◆ DATASET EXTRACT
════════

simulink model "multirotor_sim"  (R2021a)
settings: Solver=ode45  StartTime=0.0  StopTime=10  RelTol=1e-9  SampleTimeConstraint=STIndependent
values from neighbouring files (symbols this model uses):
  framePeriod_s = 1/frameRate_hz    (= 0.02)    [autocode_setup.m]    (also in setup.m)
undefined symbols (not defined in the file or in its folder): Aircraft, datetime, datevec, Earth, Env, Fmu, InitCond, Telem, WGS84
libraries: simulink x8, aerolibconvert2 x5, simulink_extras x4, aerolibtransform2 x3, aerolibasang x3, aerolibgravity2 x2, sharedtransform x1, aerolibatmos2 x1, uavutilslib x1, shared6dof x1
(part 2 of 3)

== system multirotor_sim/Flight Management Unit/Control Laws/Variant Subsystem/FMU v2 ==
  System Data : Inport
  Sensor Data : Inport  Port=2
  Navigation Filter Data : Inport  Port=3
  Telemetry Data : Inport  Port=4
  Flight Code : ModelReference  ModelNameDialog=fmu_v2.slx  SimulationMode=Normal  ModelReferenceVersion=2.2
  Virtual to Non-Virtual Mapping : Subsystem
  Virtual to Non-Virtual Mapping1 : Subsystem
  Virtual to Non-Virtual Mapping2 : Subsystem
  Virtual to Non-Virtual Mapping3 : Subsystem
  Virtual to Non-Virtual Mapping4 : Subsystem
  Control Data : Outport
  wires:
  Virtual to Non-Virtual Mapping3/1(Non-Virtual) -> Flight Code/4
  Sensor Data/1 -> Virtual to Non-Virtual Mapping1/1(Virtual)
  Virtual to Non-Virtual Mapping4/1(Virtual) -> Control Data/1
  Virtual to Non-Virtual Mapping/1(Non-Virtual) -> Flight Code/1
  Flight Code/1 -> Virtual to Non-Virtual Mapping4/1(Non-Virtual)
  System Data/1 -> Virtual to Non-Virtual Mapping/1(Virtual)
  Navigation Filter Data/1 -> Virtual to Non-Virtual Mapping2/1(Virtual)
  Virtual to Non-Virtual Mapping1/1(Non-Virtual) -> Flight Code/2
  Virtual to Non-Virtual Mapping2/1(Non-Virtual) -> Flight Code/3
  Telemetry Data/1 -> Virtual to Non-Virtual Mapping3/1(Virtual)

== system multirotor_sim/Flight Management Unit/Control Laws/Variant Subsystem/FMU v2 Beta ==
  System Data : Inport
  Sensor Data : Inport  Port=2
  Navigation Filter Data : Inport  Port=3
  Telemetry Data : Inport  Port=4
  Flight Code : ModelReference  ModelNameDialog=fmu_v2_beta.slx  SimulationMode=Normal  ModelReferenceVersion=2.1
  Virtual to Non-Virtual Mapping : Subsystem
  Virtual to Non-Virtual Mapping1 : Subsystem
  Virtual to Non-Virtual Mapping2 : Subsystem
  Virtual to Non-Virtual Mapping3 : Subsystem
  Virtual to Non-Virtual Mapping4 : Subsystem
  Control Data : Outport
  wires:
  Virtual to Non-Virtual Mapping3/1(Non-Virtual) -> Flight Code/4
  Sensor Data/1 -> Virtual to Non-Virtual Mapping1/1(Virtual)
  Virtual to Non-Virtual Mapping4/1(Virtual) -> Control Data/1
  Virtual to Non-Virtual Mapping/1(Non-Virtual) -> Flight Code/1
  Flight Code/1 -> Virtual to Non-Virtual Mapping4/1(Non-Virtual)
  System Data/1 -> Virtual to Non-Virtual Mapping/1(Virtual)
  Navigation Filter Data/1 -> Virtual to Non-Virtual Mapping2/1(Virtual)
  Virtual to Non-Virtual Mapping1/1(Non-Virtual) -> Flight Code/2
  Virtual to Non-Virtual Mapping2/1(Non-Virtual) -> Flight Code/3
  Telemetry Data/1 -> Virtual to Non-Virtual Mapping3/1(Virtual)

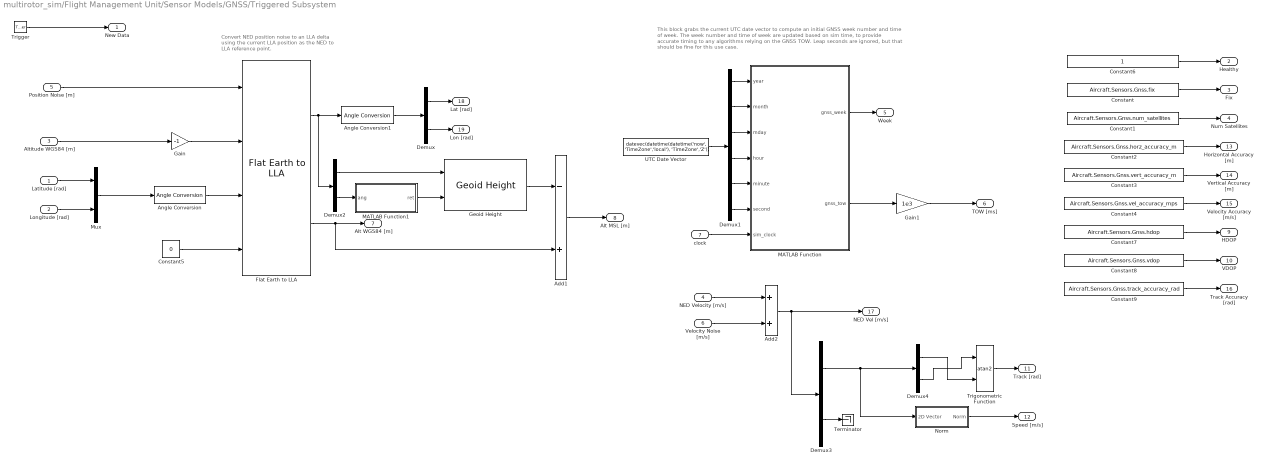
== system multirotor_sim/Flight Management Unit/Sensor Models/GNSS/Triggered Subsystem ==
  note: This block grabs the current UTC date vector to compute an initial GNSS week number
      | and time of week. The week number and time of week are updated based on sim time, to provide accurate timing to any algorithms relying on the GNSS TOW. Leap seconds are ignored, but that should be fine for this use case.
  note: Convert NED position noise to an LLA delta
      | using the current LLA position as the NED to
      | LLA reference point.
  Latitude [rad] : Inport
  "Longitude [rad] " : Inport  Port=2
  Altitude WGS84 [m] : Inport  Port=3
  NED Velocity [m/s] : Inport  Port=4  PortDimensions=3
  Position Noise [m] : Inport  Port=5  PortDimensions=3
  Velocity Noise [m/s] : Inport  Port=6  PortDimensions=3
  clock : Inport  Port=7
  Trigger : TriggerPort  VariantControl=Variant  ShowOutputPort=on
  Add1 : Sum  Inputs=-+
  Add2 : Sum
  Angle Conversion : aerolibconvert2/Angle Conversion  IU=rad  OU=deg
  Angle Conversion1 : aerolibconvert2/Angle Conversion  IU=deg  OU=rad
  Constant : Constant  Value=Aircraft.Sensors.Gnss.fix
  Constant1 : Constant  Value=Aircraft.Sensors.Gnss.num_satellites
  Constant2 : Constant  Value=Aircraft.Sensors.Gnss.horz_accuracy_m
  Constant3 : Constant  Value=Aircraft.Sensors.Gnss.vert_accuracy_m
  Constant4 : Constant  Value=Aircraft.Sensors.Gnss.vel_accuracy_mps
  Constant5 : Constant  Value=0
  Constant6 : Constant
  Constant7 : Constant  Value=Aircraft.Sensors.Gnss.hdop
  Constant8 : Constant  Value=Aircraft.Sensors.Gnss.vdop
  Constant9 : Constant  Value=Aircraft.Sensors.Gnss.track_accuracy_rad
  Demux : Demux  Outputs=2
  Demux1 : Demux  Outputs=6
  Demux2 : Demux  Outputs=2
  Demux3 : Demux  Outputs=[2 1]
  Demux4 : Demux  Outputs=2
  Flat Earth to LLA : aerolibtransform2/Flat Earth to LLA  units=Metric (MKS)  ptype=Earth (WGS84)  F=1/298.257223563  R=6378137  refPosPort=on  LL0=[0 10]  psi=0
  Gain : Gain  Gain=-1
  Gain1 : Gain  Gain=1e3
  Geoid Height : aerolibgravity2/Geoid Height  units=Metric (MKS)  gtype=EGM96  datafile='geoidegm96grid'  dtype=double  action=Warning
      settings: SourceProductBaseCode=AE
  MATLAB Function : MATLAB Function  TreatAsAtomicUnit=on
  MATLAB Function1 : MATLAB Function  TreatAsAtomicUnit=on
  Mux : Mux  Inputs=2
  Norm : Subsystem
  Terminator : Terminator
  Trigonometric Function : Trigonometry  Operator=atan2
  UTC Date Vector : Constant  Value=datevec(datetime(datetime('now', 'TimeZone','local'), 'TimeZone','Z'))  SampleTime=-1
  New Data : Outport
  Healthy : Outport  Port=2
  Fix : Outport  Port=3
  Num Satellites : Outport  Port=4
  Week : Outport  Port=5
  TOW [ms] : Outport  Port=6
  Alt WGS84 [m] : Outport  Port=7
  Alt MSL [m] : Outport  Port=8
  HDOP : Outport  Port=9
  VDOP : Outport  Port=10
  Track [rad] : Outport  Port=11
  Speed [m/s] : Outport  Port=12
  Horizontal Accuracy [m] : Outport  Port=13
  Vertical Accuracy [m] : Outport  Port=14
  Velocity Accuracy [m/s] : Outport  Port=15
  Track Accuracy [rad] : Outport  Port=16
  NED Vel [m/s] : Outport  Port=17
  Lat [rad] : Outport  Port=18
  Lon [rad] : Outport  Port=19
  wires:
  Constant/1 -> Fix/1
  Constant1/1 -> Num Satellites/1
  Constant2/1 -> Horizontal Accuracy [m]/1
  Constant3/1 -> Vertical Accuracy [m]/1
  Constant4/1 -> Velocity Accuracy [m/s]/1
  Position Noise [m]/1 -> Flat Earth to LLA/1
  Altitude WGS84 [m]/1 -> Gain/1
  Mux/1 -> Angle Conversion/1
  Angle Conversion/1 -> Flat Earth to LLA/3
  Constant5/1 -> Flat Earth to LLA/4
  "Longitude [rad] "/1 -> Mux/2
  Latitude [rad]/1 -> Mux/1
  Flat Earth to LLA/1 -> Demux2/1, Angle Conversion1/1
  Angle Conversion1/1 -> Demux/1
  Demux/2 -> Lon [rad]/1
  Demux/1 -> Lat [rad]/1
  Flat Earth to LLA/2 -> Add1/2, Alt WGS84 [m]/1
  NED Velocity [m/s]/1 -> Add2/1
  Add2/1 -> Demux3/1, NED Vel [m/s]/1
  Demux1/2 -> MATLAB Function/2(month)
  Demux1/6 -> MATLAB Function/6(second)
  UTC Date Vector/1 -> Demux1/1
  Demux1/1 -> MATLAB Function/1(year)
  Demux1/5 -> MATLAB Function/5(minute)
  Demux1/4 -> MATLAB Function/4(hour)
  Demux1/3 -> MATLAB Function/3(mday)
  MATLAB Function/2(gnss_tow) -> Gain1/1
  MATLAB Function/1(gnss_week) -> Week/1
  clock/1 -> MATLAB Function/7(sim_clock)
  Gain/1 -> Flat Earth to LLA/2
  Constant6/1 -> Healthy/1
  Trigger/1 -> New Data/1
  Gain1/1 -> TOW [ms]/1
  Demux2/1 -> Geoid Height/1
  Demux2/2 -> MATLAB Function1/1(ang)
  MATLAB Function1/1(ret) -> Geoid Height/2
  Geoid Height/1 -> Add1/1
  Add1/1 -> Alt MSL [m]/1
  Constant7/1 -> HDOP/1
  Constant8/1 -> VDOP/1
  Demux4/1 -> Trigonometric Function/2
  Demux4/2 -> Trigonometric Function/1
  Trigonometric Function/1 -> Track [rad]/1
  Velocity Noise [m/s]/1 -> Add2/2
  Constant9/1 -> Track Accuracy [rad]/1
  Demux3/1 -> Norm/1(2D Vector), Demux4/1
  Demux3/2 -> Terminator/1
  Norm/1(Norm) -> Speed [m/s]/1

== system multirotor_sim/Flight Management Unit/Sensor Models/IMU/Accelerometer ==
  Body Accel [m/s/s] : Inport  PortDimensions=3
  Gravitational Accel in Body Frame [m/s/s] : Inport  Port=2  PortDimensions=3
  Add : Sum  Inputs=+++
  Band-Limited White Noise : simulink/Sources/Band-Limited White Noise  Cov=Aircraft.Sensors.Imu.Accel.noise_mps2  Ts=0.1  seed=[23341]
  Constant : Constant  Value=Aircraft.Sensors.Imu.Accel.bias_mps2  VectorParams1D=off
  Constant1 : Constant  Value=Aircraft.Sensors.Imu.Accel.scale_factor
  Product : Product  Multiplication=Matrix(*)
  Reshape : Reshape  OutputDimensionality=Column vector (2-D)
  Reshape1 : Reshape  OutputDimensionality=Column vector (2-D)
  Reshape2 : Reshape
  Saturation : Saturate  UpperLimit=Aircraft.Sensors.Imu.Accel.upper_limit_mps2  LowerLimit=Aircraft.Sensors.Imu.Accel.lower_limit_mps2
  Subtract : Sum  Inputs=+-
  Accelerometer [m/s/s] : Outport  PortDimensions=3
  wires:
  Add/1 -> Saturation/1
  Band-Limited White Noise/1 -> Add/1
  Product/1 -> Add/3
  Constant/1 -> Add/2
  Constant1/1 -> Product/1
  Subtract/1 -> Product/2
  Reshape/1 -> Subtract/2
  Gravitational Accel in Body Frame [m/s/s]/1 -> Reshape/1
  Reshape1/1 -> Subtract/1
  Body Accel [m/s/s]/1 -> Reshape1/1
  Saturation/1 -> Reshape2/1
  Reshape2/1 -> Accelerometer [m/s/s]/1

== system multirotor_sim/Flight Management Unit/Sensor Models/IMU/Gyro ==
  Body Rotational Rate [rad/s] : Inport  PortDimensions=3
  Body Accel [m/s/s] : Inport  Port=2  PortDimensions=3
  Add1 : Sum  Inputs=++++
  Band-Limited White Noise : simulink/Sources/Band-Limited White Noise  Cov=Aircraft.Sensors.Imu.Gyro.noise_radps  Ts=0.1  seed=[23341]  VectorParams1D=off
  Constant1 : Constant  Value=Aircraft.Sensors.Imu.Gyro.bias_radps  VectorParams1D=off
  Constant2 : Constant  Value=Aircraft.Sensors.Imu.Gyro.accel_sens_radps
  Constant3 : Constant  Value=Aircraft.Sensors.Imu.Gyro.scale_factor  VectorParams1D=off
  Product : Product
  Product1 : Product  Multiplication=Matrix(*)
  Reshape : Reshape  OutputDimensionality=Column vector (2-D)
  Reshape1 : Reshape  OutputDimensionality=Column vector (2-D)
  Reshape2 : Reshape
  Saturation : Saturate  UpperLimit=Aircraft.Sensors.Imu.Gyro.upper_limit_radps  LowerLimit=Aircraft.Sensors.Imu.Gyro.lower_limit_radps
  Gyro [rad/s] : Outport  PortDimensions=3
  wires:
  Constant3/1 -> Product1/1
  Constant2/1 -> Product/1
  Add1/1 -> Saturation/1
  Constant1/1 -> Add1/3
  Product1/1 -> Add1/4
  Band-Limited White Noise/1 -> Add1/2
  Body Rotational Rate [rad/s]/1 -> Reshape/1
  Reshape/1 -> Product1/2
  Body Accel [m/s/s]/1 -> Product/2
  Product/1 -> Reshape1/1
  Reshape1/1 -> Add1/1
  Reshape2/1 -> Gyro [rad/s]/1
  Saturation/1 -> Reshape2/1

== system multirotor_sim/Flight Management Unit/Sensor Models/IMU/Magnetometer ==
  Body Magnetic Field [uT] : Inport  PortDimensions=3
  Add2 : Sum  Inputs=+++
  Band-Limited White Noise : simulink/Sources/Band-Limited White Noise  Cov=Aircraft.Sensors.Imu.Mag.noise_ut  Ts=0.1  seed=[23341]
  Constant1 : Constant  Value=Aircraft.Sensors.Imu.Mag.scale_factor  VectorParams1D=off
  Constant2 : Constant  Value=Aircraft.Sensors.Imu.Mag.bias_ut
  Product : Product  Multiplication=Matrix(*)
  Reshape : Reshape  OutputDimensionality=Column vector (2-D)
  Reshape1 : Reshape
  Saturation : Saturate  UpperLimit=Aircraft.Sensors.Imu.Mag.upper_limit_ut  LowerLimit=Aircraft.Sensors.Imu.Mag.lower_limit_ut
  Magnetometer [uT] : Outport  PortDimensions=3
  wires:
  Body Magnetic Field [uT]/1 -> Reshape/1
  Band-Limited White Noise/1 -> Add2/1
  Add2/1 -> Saturation/1
  Constant2/1 -> Add2/2
  Constant1/1 -> Product/1
  Reshape/1 -> Product/2
  Saturation/1 -> Reshape1/1
  Reshape1/1 -> Magnetometer [uT]/1
  Product/1 -> Add2/3

== system multirotor_sim/Vehicle/Forces and Moments/Propulsive/Mz calculation1 ==
  Motor_torque : Inport
  Constant : Constant  Value=Aircraft.Motor.dir
  MatrixMultiply : Product  Multiplication=Matrix(*)
  Mz_from_motor_torque : Outport
  wires:
  Motor_torque/1 -> MatrixMultiply/1
  Constant/1 -> MatrixMultiply/2
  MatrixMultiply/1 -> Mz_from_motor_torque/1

════════

Filter the records above down to the lines that hold the string "Accelerometer".

◆ EXERCISE SOLUTION
== system multirotor_sim/Flight Management Unit/Sensor Models/IMU/Accelerometer ==
  Accelerometer [m/s/s] : Outport  PortDimensions=3
  Reshape2/1 -> Accelerometer [m/s/s]/1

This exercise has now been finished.